> [Materials provided]
- Opening Delimiter -
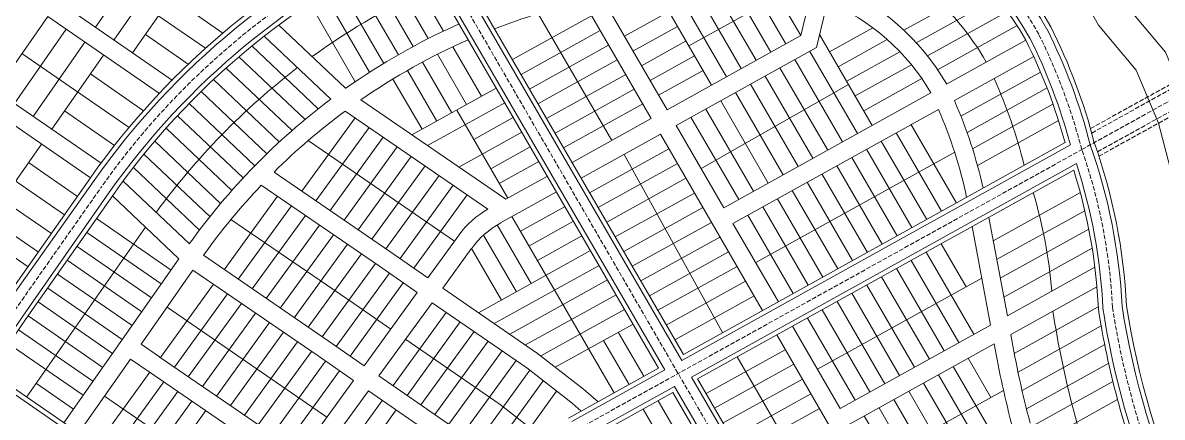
# Model space of a CAD drawing. Header units: metres. Extents: x 3557088 to 3598139, y 7314183 to 7334470.
# Drawn here: x 3575312 to 3576320, y 7325603 to 7325952 of the extents above; entities that cross this region are included whole.
import ezdxf

# ---------------------------------------------------------------- set-up
doc = ezdxf.new("R2010")
doc.units = ezdxf.units.M
doc.linetypes.add('JIS_02_4.0', pattern=[5.5, 4, -1.5])
doc.layers.add('Imagen', color=17, linetype='Continuous', lineweight=0)
doc.layers.add('Imagen_ZonaUrbanizable', color=17, linetype='Continuous', lineweight=0)
doc.layers.add('nuevo', color=7, linetype='Continuous', lineweight=15, true_color=0xf2f2f2)
picture_1 = doc.add_image_def('image1.jpg', size_in_pixel=(4800, 2360))
picture_2 = doc.add_image_def('image2.jpg', size_in_pixel=(4800, 2360))

msp = doc.modelspace()

# ---------------------------------------------------------------- linework, layer by layer
at = {"layer": 'nuevo', "linetype": 'JIS_02_4.0'}
for p, q in [((3575665.5, 7326031), (3576084.3, 7325309.7)), ((3576248.4, 7325839.7), (3576381.6, 7325913.5)), ((3575803.1, 7325592.9), (3576248.4, 7325839.7)), ((3575304.7, 7325697.5), (3575381.2, 7325806.3))]:
    msp.add_line(p, q, dxfattribs=at)
at = {"layer": 'nuevo'}
for p, q in [((3575421.9, 7326013.3), (3575376.1, 7325947.7)), ((3575438.3, 7326001.9), (3575392.5, 7325936.4)), ((3575454.8, 7325990.6), (3575409, 7325925)), ((3575956.1, 7325985.6), (3575986.6, 7325933)), ((3575871.9, 7325981.3), (3575921, 7325896.6)), ((3575888.3, 7325982.9), (3575934.1, 7325903.9)), ((3575905, 7325984), (3575947.3, 7325911.2)), ((3575921.9, 7325984.7), (3575960.4, 7325918.5)), ((3575974.4, 7325983.9), (3575999.8, 7325940.3)), ((3575488.8, 7325942.4), (3575443.4, 7325974.2)), ((3575827.8, 7325967.6), (3575881.7, 7325874.8)), ((3575767.6, 7325959.7), (3575832.7, 7325847.7)), ((3575811.5, 7325963.8), (3575867.7, 7325867.1)), ((3575953.4, 7325960.3), (3575973.5, 7325925.7)), ((3575350.4, 7325945.9), (3575304.6, 7325880.4)), ((3575538.4, 7325949.7), (3575597.4, 7325894)), ((3575458.2, 7325915), (3575420.4, 7325941.4)), ((3575525.5, 7325939.9), (3575584.4, 7325884.2)), ((3576016.5, 7325941.4), (3576063.1, 7325861)), ((3575366.9, 7325934.6), (3575321.1, 7325869)), ((3576007.8, 7325926.4), (3576050, 7325853.8)), ((3575383.3, 7325923.1), (3575337.5, 7325857.6)), ((3575994.7, 7325919.2), (3576036.9, 7325846.5)), ((3575418.7, 7325874), (3575371.8, 7325906.7)), ((3575981.5, 7325911.9), (3576023.7, 7325839.2)), ((3575955.3, 7325897.3), (3575997.5, 7325824.7)), ((3575968.4, 7325904.6), (3576010.6, 7325832)), ((3575656, 7325852.7), (3575730.6, 7325894)), ((3575942.2, 7325890.1), (3575984.4, 7325817.4)), ((3575610.9, 7325883.6), (3575739, 7325795.8)), ((3575669.9, 7325843.2), (3575738.1, 7325881)), ((3575915.9, 7325875.5), (3575958.1, 7325802.9)), ((3575929.1, 7325882.8), (3575971.2, 7325810.1)), ((3575393, 7325843.2), (3575348.9, 7325874)), ((3575558.8, 7325802.9), (3575605.9, 7325867.6)), ((3575597, 7325873.7), (3575681.7, 7325815.7)), ((3575710.7, 7325848.7), (3575745.7, 7325868.1)), ((3575902.8, 7325868.3), (3575945, 7325795.6)), ((3575571.2, 7325794.4), (3575618.3, 7325859.1)), ((3575697.5, 7325824.2), (3575753.2, 7325855.1)), ((3575889.7, 7325861), (3575931.9, 7325788.3)), ((3576084.3, 7325854.5), (3576124.4, 7325785.3)), ((3576097.2, 7325862), (3576137.4, 7325792.8)), ((3575583.6, 7325785.9), (3575630.6, 7325850.7)), ((3575875.7, 7325853.2), (3575966.1, 7325697.5)), ((3576071.1, 7325847.2), (3576111.3, 7325778)), ((3575596, 7325777.4), (3575643, 7325842.2)), ((3575725.7, 7325822.7), (3575760.7, 7325842.1)), ((3575930.8, 7325678), (3575843.6, 7325835.4)), ((3576058, 7325839.9), (3576098.2, 7325770.7)), ((3575608.4, 7325768.9), (3575655.4, 7325833.7)), ((3575620.7, 7325760.5), (3575667.8, 7325825.2)), ((3575733.3, 7325809.7), (3575768.3, 7325829.1)), ((3576031.8, 7325825.4), (3576072, 7325756.2)), ((3576044.9, 7325832.7), (3576085.1, 7325763.5)), ((3575294.4, 7325704.6), (3575371.8, 7325814.6)), ((3575633.1, 7325752), (3575680.2, 7325816.7)), ((3575681.7, 7325815.7), (3575723.3, 7325787)), ((3575739, 7325795.8), (3575775.8, 7325816.2)), ((3576018.6, 7325818.1), (3576058.8, 7325748.9)), ((3575297.3, 7325702.6), (3575375.1, 7325812.4)), ((3575645.5, 7325743.5), (3575692.5, 7325808.2)), ((3576005.5, 7325810.8), (3576045.7, 7325741.7)), ((3575312.1, 7325692.4), (3575388.1, 7325801.4)), ((3575315, 7325690.4), (3575391.4, 7325799.1)), ((3575490, 7325733.6), (3575537.1, 7325798.4)), ((3575657.8, 7325735), (3575704.9, 7325799.7)), ((3575734.5, 7325775), (3575783.8, 7325802.3)), ((3575979.3, 7325796.3), (3576019.5, 7325727.1)), ((3575992.4, 7325803.6), (3576032.6, 7325734.4)), ((3575502.4, 7325725.2), (3575549.4, 7325789.9)), ((3575752, 7325767.5), (3575791.4, 7325789.3)), ((3575966.2, 7325789), (3576006.3, 7325719.8)), ((3575514.8, 7325716.7), (3575561.8, 7325781.4)), ((3575759.5, 7325754.5), (3575798.9, 7325776.4)), ((3575939.9, 7325774.5), (3575980.1, 7325705.3)), ((3575953, 7325781.8), (3575993.2, 7325712.6)), ((3576182.6, 7325692.9), (3576166.1, 7325779.8)), ((3575315.3, 7325620.9), (3575420.5, 7325771)), ((3575527.2, 7325708.2), (3575574.2, 7325773)), ((3575539.5, 7325699.7), (3575586.6, 7325764.5)), ((3575670.2, 7325726.5), (3575697.7, 7325764.3)), ((3576151.4, 7325771.6), (3576167.8, 7325684.7)), ((3575551.9, 7325691.2), (3575599, 7325756)), ((3575767.1, 7325741.6), (3575806.4, 7325763.4)), ((3576123.9, 7325756.4), (3576146, 7325718.3)), ((3575564.3, 7325682.8), (3575611.3, 7325747.5)), ((3575683.4, 7325717.4), (3575708.5, 7325752)), ((3575715, 7325695.6), (3575814, 7325750.4)), ((3576110.8, 7325749.1), (3576152.9, 7325676.5)), ((3575348.2, 7325598.2), (3575449.9, 7325743.2)), ((3575576.7, 7325674.3), (3575623.7, 7325739)), ((3575728.8, 7325686.1), (3575821.5, 7325737.4)), ((3576084.5, 7325734.6), (3576126.7, 7325661.9)), ((3576097.6, 7325741.8), (3576139.8, 7325669.2)), ((3576182.6, 7325692.9), (3576259.9, 7325735.8)), ((3575416.5, 7325667.7), (3575462.4, 7325733.2)), ((3575589, 7325665.8), (3575636.1, 7325730.5)), ((3575742.6, 7325676.6), (3575829, 7325724.5)), ((3576014.7, 7325645.6), (3576160, 7325726.1)), ((3576071.4, 7325727.3), (3576113.6, 7325654.6)), ((3575167, 7325718.4), (3575432.9, 7325535.2)), ((3575433.6, 7325655.9), (3575480.6, 7325720.7)), ((3575601.4, 7325657.3), (3575648.4, 7325722)), ((3575613.8, 7325648.8), (3575660.8, 7325713.5)), ((3576058.3, 7325720), (3576100.5, 7325647.4)), ((3576185.7, 7325676.3), (3576261.8, 7325718.5)), ((3575446, 7325647.5), (3575493, 7325712.2)), ((3575458.3, 7325639), (3575505.4, 7325703.7)), ((3575626.9, 7325639.7), (3575674, 7325704.4)), ((3575756.4, 7325667.1), (3575836.6, 7325711.5)), ((3576032, 7325705.5), (3576074.2, 7325632.8)), ((3576045.1, 7325712.8), (3576087.3, 7325640.1)), ((3575470.7, 7325630.5), (3575517.8, 7325695.2)), ((3575639.3, 7325631.2), (3575686.3, 7325695.9)), ((3575770, 7325657.4), (3575844.1, 7325698.5)), ((3576018.9, 7325698.2), (3576061.1, 7325625.6)), ((3576188.7, 7325659.7), (3576263, 7325700.9)), ((3575300.8, 7325675.9), (3575312.1, 7325692.4)), ((3575303.7, 7325673.9), (3575315, 7325690.4)), ((3575483.1, 7325622), (3575530.1, 7325686.8)), ((3575651.7, 7325622.6), (3575698.7, 7325687.4)), ((3575782.8, 7325647.4), (3575851.6, 7325685.5)), ((3575992.6, 7325683.7), (3576034.8, 7325611)), ((3576005.8, 7325690.9), (3576048, 7325618.3)), ((3576034.8, 7325611), (3576167.8, 7325684.7)), ((3576192, 7325643.2), (3576265.6, 7325684)), ((3575495.5, 7325613.5), (3575542.5, 7325678.3)), ((3575664, 7325614.1), (3575711, 7325678.9)), ((3575978.7, 7325675.9), (3576069.1, 7325520.2)), ((3575507.9, 7325605.1), (3575554.9, 7325669.8)), ((3575676.4, 7325605.6), (3575723.4, 7325670.4)), ((3576042.9, 7325597.2), (3576170.9, 7325668.1)), ((3576195.6, 7325626.9), (3576268.7, 7325667.4)), ((3575361.3, 7325589.2), (3575407.3, 7325654.6)), ((3575520.2, 7325596.6), (3575567.3, 7325661.3)), ((3575532.6, 7325588.1), (3575579.6, 7325652.8)), ((3575573, 7325657.4), (3575604.4, 7325635.8)), ((3575688.7, 7325597.1), (3575735.7, 7325661.9)), ((3575701.1, 7325588.6), (3575748.1, 7325653.3)), ((3575943.7, 7325656.5), (3576034.1, 7325500.8)), ((3576147.9, 7325655.3), (3576167.9, 7325620.8)), ((3575377.1, 7325578.2), (3575424.2, 7325643)), ((3575545, 7325579.6), (3575592, 7325644.3)), ((3575713.3, 7325579.9), (3575760.3, 7325644.7)), ((3576134.7, 7325648.1), (3576174.8, 7325579.1)), ((3576199.5, 7325610.8), (3576272.2, 7325651.1)), ((3575389.5, 7325569.8), (3575436.6, 7325634.5)), ((3575557.3, 7325571.1), (3575604.4, 7325635.8)), ((3575725.1, 7325570.7), (3575772.2, 7325635.4)), ((3576108.5, 7325633.5), (3576148.7, 7325564.3)), ((3576121.6, 7325640.8), (3576161.8, 7325571.6)), ((3576203.7, 7325594.8), (3576275.9, 7325634.9)), ((3575401.9, 7325561.3), (3575448.9, 7325626)), ((3575570.5, 7325562), (3575617.5, 7325626.7)), ((3575737, 7325561.5), (3575784, 7325626.2)), ((3576063, 7325562.6), (3576179.2, 7325627)), ((3576095.4, 7325626.3), (3576135.5, 7325557.1)), ((3575414.3, 7325552.8), (3575461.3, 7325617.5)), ((3575582.9, 7325553.5), (3575629.9, 7325618.2)), ((3576082.2, 7325619), (3576122.4, 7325549.8)), ((3576208.2, 7325579), (3576280.1, 7325618.9)), ((3575426.7, 7325544.3), (3575473.7, 7325609.1)), ((3575595.2, 7325544.9), (3575642.2, 7325609.7)), ((3576056, 7325604.4), (3576096.2, 7325535.2)), ((3576069.1, 7325611.7), (3576109.3, 7325542.5))]:
    msp.add_line(p, q, dxfattribs=at)
for points in [[(3575674.7, 7326032.1), (3575894.6, 7325653.3), (3576238.3, 7325843.8)], [(3575680.4, 7326030.2), (3575896.1, 7325658.7), (3576233.6, 7325845.8)], [(3575794.6, 7325602.5), (3575874.2, 7325646.6), (3575657.3, 7326020.1)], [(3575797.3, 7325599.4), (3575879.7, 7325645.1), (3575659, 7326025.3)], [(3576220.7, 7326024.9), (3576263.2, 7325949.5), (3576296.5, 7325909.9), (3576316.3, 7325862.9), (3576331.6, 7325804.4), (3576362, 7325722.8), (3576397.7, 7325644.2), (3576426.6, 7325599.7), (3576439.4, 7325540.2), (3576445.1, 7325495.2), (3576452.3, 7325443.5), (3576493.8, 7325396.6), (3576548.2, 7325335.3), (3576558.2, 7325320.7), (3576551.3, 7325272.4), (3576537.5, 7325213.3), (3576530.9, 7325175.7)], [(3575670.5, 7325937.7), (3575630.3, 7326007)], [(3575684, 7325944.3), (3575643.7, 7326013.7)], [(3575366, 7326003.2), (3575473.5, 7325929.1)], [(3575657.2, 7325930.7), (3575617, 7326000)], [(3575644.1, 7325923.5), (3575603.9, 7325992.6)], [(3575618.5, 7325907.9), (3575578.3, 7325977.1)], [(3575631.2, 7325915.8), (3575591, 7325985)], [(3575881.7, 7325874.8), (3575999.8, 7325940.3), (3576008.4, 7325976)], [(3576091, 7325945.1), (3576163.5, 7325985.3)], [(3575343.1, 7325970.4), (3575444.2, 7325900.7)], [(3575605.9, 7325899.6), (3575565.7, 7325968.9)], [(3575889.7, 7325861), (3576013.7, 7325929.7), (3576023.5, 7325970.3)], [(3575900.9, 7325931.2), (3575966.5, 7325967.6)], [(3576102, 7325934), (3576173.4, 7325973.6)], [(3576287.9, 7325966.6), (3576322.4, 7325925.7), (3576344.8, 7325872.5), (3576360.2, 7325813.5), (3576389.7, 7325734.3), (3576424.1, 7325658.7), (3576454.8, 7325611.4), (3576469, 7325545.2), (3576474.9, 7325499.1), (3576480.8, 7325456.6), (3576516.3, 7325416.4), (3576571.9, 7325353.8), (3576600.2, 7325312.5), (3576613.4, 7325285.7), (3576626.5, 7325257)], [(3575288.1, 7325891.7), (3575334, 7325957.3)], [(3575334, 7325957.3), (3575432.9, 7325889.1)], [(3575744.9, 7325919.1), (3575814.9, 7325957.9)], [(3575844, 7325939.7), (3575883.4, 7325961.5)], [(3576111.9, 7325922.4), (3576182.6, 7325961.6)], [(3575851.5, 7325926.7), (3575890.9, 7325948.5)], [(3576025.4, 7325925.9), (3576063.7, 7325947.1)], [(3576120.9, 7325910.2), (3576191.1, 7325949.2)], [(3575752.5, 7325906.1), (3575822.5, 7325944.9)], [(3575859.1, 7325913.7), (3575898.4, 7325935.6)], [(3576033, 7325912.9), (3576076.2, 7325936.9)], [(3576128.9, 7325897.5), (3576199, 7325936.3)], [(3575514.6, 7325931.2), (3575573.2, 7325875.7)], [(3575717.5, 7325886.7), (3575692.1, 7325930.4)], [(3575760, 7325893.1), (3575830, 7325931.9)], [(3576040.5, 7325900), (3576087.6, 7325926.1)], [(3575311, 7325924.5), (3575405.9, 7325859.1)], [(3575503, 7325921.5), (3575561.5, 7325866.2)], [(3575691.2, 7325872.2), (3575665.3, 7325916.9)], [(3575704.3, 7325879.5), (3575678.6, 7325923.8)], [(3575767.5, 7325880.2), (3575837.5, 7325919)], [(3575866.6, 7325900.8), (3575906, 7325922.6)], [(3576135.7, 7325883), (3576205.9, 7325921.9)], [(3575491.7, 7325911.6), (3575550, 7325856.4)], [(3575678.1, 7325864.9), (3575652.1, 7325909.6)], [(3575775.1, 7325867.2), (3575845.1, 7325906)], [(3575874.1, 7325887.8), (3575913.5, 7325909.6)], [(3576048, 7325887), (3576097.8, 7325914.6)], [(3576141.5, 7325869.1), (3576212, 7325908.1)], [(3575480.6, 7325901.5), (3575538.8, 7325846.3)], [(3575665, 7325857.6), (3575639.2, 7325902)], [(3575912.5, 7325823.3), (3576042.1, 7325897.2)], [(3576055.6, 7325874), (3576106.9, 7325902.5)], [(3575288.1, 7325891.7), (3575381.1, 7325827.6)], [(3575469.7, 7325891.1), (3575527.8, 7325836)], [(3575782.6, 7325854.2), (3575852.6, 7325893)], [(3575931.9, 7325788.3), (3576115, 7325889.8)], [(3576146.9, 7325854.9), (3576217.7, 7325894.1)], [(3575279, 7325878.6), (3575371.8, 7325814.6)], [(3575459.1, 7325880.5), (3575517.2, 7325825.4)], [(3575740.8, 7325796.8), (3575695.6, 7325874.6)], [(3575790.1, 7325841.2), (3575860.1, 7325880)], [(3575939.9, 7325774.5), (3576121.6, 7325875.2)], [(3576151.8, 7325840.4), (3576222.9, 7325879.9)], [(3575448.8, 7325869.6), (3575506.8, 7325814.6)], [(3575797.7, 7325828.3), (3575867.7, 7325867.1)], [(3576156.1, 7325825.7), (3576227.8, 7325865.4)], [(3575438.6, 7325858.5), (3575496.7, 7325803.5)], [(3575256.3, 7325845.7), (3575348.8, 7325781.9)], [(3575282.6, 7325779), (3575328.4, 7325844.5)], [(3575428.8, 7325847.2), (3575486.9, 7325792.1)], [(3575564.3, 7325847.6), (3575659, 7325782.7), (3575693.7, 7325758.8)], [(3575805.7, 7325814.4), (3575875.7, 7325853.2)], [(3575419.1, 7325835.7), (3575477.4, 7325780.5)], [(3575813.2, 7325801.5), (3575883.2, 7325840.2)], [(3575960, 7325739.9), (3576136, 7325837.4)], [(3575316.9, 7325828.2), (3575360.3, 7325798.3)], [(3575820.8, 7325788.5), (3575890.8, 7325827.3)], [(3576087.7, 7325320.8), (3575903.2, 7325638.6), (3576243.6, 7325827.3)], [(3575409.8, 7325823.9), (3575468.2, 7325768.6)], [(3575534.1, 7325819.8), (3575636.4, 7325749.7), (3575670.2, 7325726.5)], [(3575828.3, 7325775.5), (3575898.3, 7325814.3)], [(3576090.5, 7325324), (3575908.7, 7325637.1), (3576241.3, 7325821.4)], [(3575233.1, 7325813), (3575325.8, 7325749.2)], [(3575400.6, 7325811.9), (3575459.2, 7325756.4)], [(3575522.8, 7325808.2), (3575627.3, 7325736.6), (3575660.8, 7325713.5)], [(3575224, 7325799.9), (3575316.6, 7325736.1)], [(3575294, 7325795.4), (3575337.3, 7325765.5)], [(3575391.2, 7325798.8), (3575450, 7325743.1)], [(3575835.8, 7325762.5), (3575905.8, 7325801.3)], [(3576170, 7325759.1), (3576247.2, 7325801.9)], [(3575843.4, 7325749.6), (3575913.4, 7325788.4)], [(3576173.1, 7325742.5), (3576251, 7325785.7)], [(3575377.1, 7325778.7), (3575443, 7325733.3)], [(3575496, 7325778), (3575604.7, 7325703.6), (3575637.3, 7325681.1)], [(3575834.9, 7325624.8), (3575744.5, 7325780.5)], [(3575850.9, 7325736.6), (3575920.9, 7325775.4)], [(3575368.5, 7325766.4), (3575434.3, 7325721)], [(3575748.4, 7325714.1), (3575719.3, 7325764.1)], [(3575761.5, 7325721.3), (3575731.4, 7325773.2)], [(3576176.3, 7325726), (3576254.6, 7325769.4)], [(3575359.9, 7325754.2), (3575425.7, 7325708.7)], [(3575858.4, 7325723.6), (3575928.4, 7325762.4)], [(3575471.6, 7325746.3), (3575582, 7325670.6), (3575613.8, 7325648.8)], [(3575735.2, 7325706.8), (3575708.8, 7325752.3)], [(3575866, 7325710.6), (3575936, 7325749.4)], [(3576179.4, 7325709.4), (3576257.5, 7325752.7)], [(3575351.3, 7325741.9), (3575417.1, 7325696.5)], [(3575873.5, 7325697.7), (3575943.5, 7325736.5)], [(3575342.6, 7325729.6), (3575408.5, 7325684.2)], [(3575462.4, 7325733.2), (3575573, 7325657.4)], [(3575881, 7325684.7), (3575951, 7325723.5)], [(3575435.1, 7325538.5), (3575169.3, 7325721.7)], [(3575334, 7325717.3), (3575399.9, 7325671.9)], [(3575683.4, 7325717.4), (3575767.1, 7325659.7), (3575807.7, 7325628.1), (3575820.8, 7325617)], [(3575325.4, 7325705.1), (3575391.3, 7325659.6)], [(3575674, 7325704.4), (3575757.6, 7325646.8), (3575797.6, 7325615.6), (3575805.8, 7325608.7)], [(3575888.6, 7325671.7), (3575958.6, 7325710.5)], [(3575439.5, 7325700.6), (3575439.5, 7325700.6), (3575580.8, 7325603.4)], [(3575316.8, 7325692.8), (3575382.6, 7325647.3)], [(3575308.2, 7325680.5), (3575374, 7325635.1)], [(3575861, 7325639.6), (3575838.4, 7325678.5)], [(3575300, 7325667.9), (3575365.4, 7325622.8)], [(3575416.5, 7325667.7), (3575432.8, 7325656.5)], [(3575650.5, 7325672), (3575734, 7325614.5), (3575772.4, 7325584.6)], [(3575848, 7325632.1), (3575825.4, 7325671)], [(3575916.2, 7325624.1), (3575986.2, 7325662.9)], [(3575407.3, 7325654.6), (3575423.7, 7325643.3)], [(3575432.6, 7325656.6), (3575527.7, 7325591.5), (3575557.3, 7325571.1)], [(3575423.6, 7325643.4), (3575518.6, 7325578.3), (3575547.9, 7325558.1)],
- Closing Delimiter -
> [Problem description]
Return each line of the preceding material in which "units" can be found.

> [Response box]
# Model space of a CAD drawing. Header units: metres. Extents: x 3557088 to 3598139, y 7314183 to 7334470.
doc.units = ezdxf.units.M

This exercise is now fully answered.